Cycling stability of Fe(2)O(3) nanosheets as supercapacitor sheet electrodes enhanced by MgFe(2)O(4) nanoparticles

The Fe(2)O(3) material is a common active material for supercapacitor electrodes and has received much attention due to its cheap and easy availability and high initial specific capacitance. In the present study, we prepared adhesive-free Fe(2)O(3) sheet electrodes for supercapacitors by growing Fe(2)O(3) material on nickel foam by hydrothermal method. The sheet electrode exhibited a high initial specific capacitance of 863 F g(−1), but we found that the sheet lost its specific capacitance too quickly through cyclic stability tests. To solve this problem, Fe(2)O(3)/MgFe(2)O(4) composites were grown on nickel foam (NF).

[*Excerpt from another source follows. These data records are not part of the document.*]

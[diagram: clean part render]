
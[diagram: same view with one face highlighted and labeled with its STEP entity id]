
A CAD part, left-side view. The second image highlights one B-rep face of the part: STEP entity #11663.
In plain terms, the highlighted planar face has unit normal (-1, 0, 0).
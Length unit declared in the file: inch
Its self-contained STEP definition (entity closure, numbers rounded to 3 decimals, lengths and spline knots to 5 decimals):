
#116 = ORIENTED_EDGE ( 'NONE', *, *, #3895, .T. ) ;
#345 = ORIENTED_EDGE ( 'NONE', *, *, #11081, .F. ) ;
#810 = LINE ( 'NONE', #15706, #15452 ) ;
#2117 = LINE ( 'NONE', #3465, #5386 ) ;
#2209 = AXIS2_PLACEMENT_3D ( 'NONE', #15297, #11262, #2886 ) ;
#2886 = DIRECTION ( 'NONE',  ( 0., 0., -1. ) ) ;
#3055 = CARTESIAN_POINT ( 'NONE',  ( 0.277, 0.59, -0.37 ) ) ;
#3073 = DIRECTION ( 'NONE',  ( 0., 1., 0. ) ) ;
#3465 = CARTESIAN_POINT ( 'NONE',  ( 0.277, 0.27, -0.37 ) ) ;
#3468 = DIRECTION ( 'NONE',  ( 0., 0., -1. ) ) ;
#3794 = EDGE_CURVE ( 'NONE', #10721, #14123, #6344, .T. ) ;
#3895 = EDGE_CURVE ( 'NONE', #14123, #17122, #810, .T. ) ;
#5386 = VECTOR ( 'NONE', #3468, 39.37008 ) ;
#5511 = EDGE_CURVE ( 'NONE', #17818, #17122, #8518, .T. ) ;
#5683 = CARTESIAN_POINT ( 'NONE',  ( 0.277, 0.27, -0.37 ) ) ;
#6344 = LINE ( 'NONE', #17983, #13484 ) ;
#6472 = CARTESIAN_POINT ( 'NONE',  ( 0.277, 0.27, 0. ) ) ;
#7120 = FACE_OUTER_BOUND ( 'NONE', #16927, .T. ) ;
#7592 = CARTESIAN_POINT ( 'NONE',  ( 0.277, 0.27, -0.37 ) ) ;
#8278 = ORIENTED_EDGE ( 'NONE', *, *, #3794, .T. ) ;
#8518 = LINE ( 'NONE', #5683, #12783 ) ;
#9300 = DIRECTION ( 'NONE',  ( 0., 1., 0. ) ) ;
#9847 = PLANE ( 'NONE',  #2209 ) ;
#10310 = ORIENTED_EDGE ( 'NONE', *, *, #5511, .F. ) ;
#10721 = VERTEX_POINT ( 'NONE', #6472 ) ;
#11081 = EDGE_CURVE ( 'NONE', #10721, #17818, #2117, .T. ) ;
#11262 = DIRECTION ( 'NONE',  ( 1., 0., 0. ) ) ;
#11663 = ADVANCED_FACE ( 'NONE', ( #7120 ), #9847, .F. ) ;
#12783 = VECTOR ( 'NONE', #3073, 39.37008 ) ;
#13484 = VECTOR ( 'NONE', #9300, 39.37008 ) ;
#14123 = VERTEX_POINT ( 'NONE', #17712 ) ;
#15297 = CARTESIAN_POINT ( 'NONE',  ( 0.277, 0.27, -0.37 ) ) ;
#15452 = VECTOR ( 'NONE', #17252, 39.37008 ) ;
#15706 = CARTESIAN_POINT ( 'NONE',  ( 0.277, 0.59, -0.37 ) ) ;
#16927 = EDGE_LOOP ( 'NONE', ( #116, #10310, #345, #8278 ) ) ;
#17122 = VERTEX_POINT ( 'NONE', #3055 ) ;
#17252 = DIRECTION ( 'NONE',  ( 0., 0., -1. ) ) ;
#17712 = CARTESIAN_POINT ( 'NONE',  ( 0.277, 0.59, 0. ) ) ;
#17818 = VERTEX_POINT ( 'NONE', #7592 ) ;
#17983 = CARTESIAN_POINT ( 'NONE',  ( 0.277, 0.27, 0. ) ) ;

It was found through testing that the cycling stability of the sheet electrode gradually increased as the content of MgFe(2)O(4) material increased. When the molar ratio of Fe(2)O(3) to MgFe(2)O(4) material was 1 : 1, the initial specific capacitance of the sheet electrode was 815 F g(−1) and the capacitance remained at 81.25% of the initial specific capacitance after 1000 cycles. The better cycling stability results from the more stable structure of the composite, the synergistic effect leading to better reversibility of the reaction.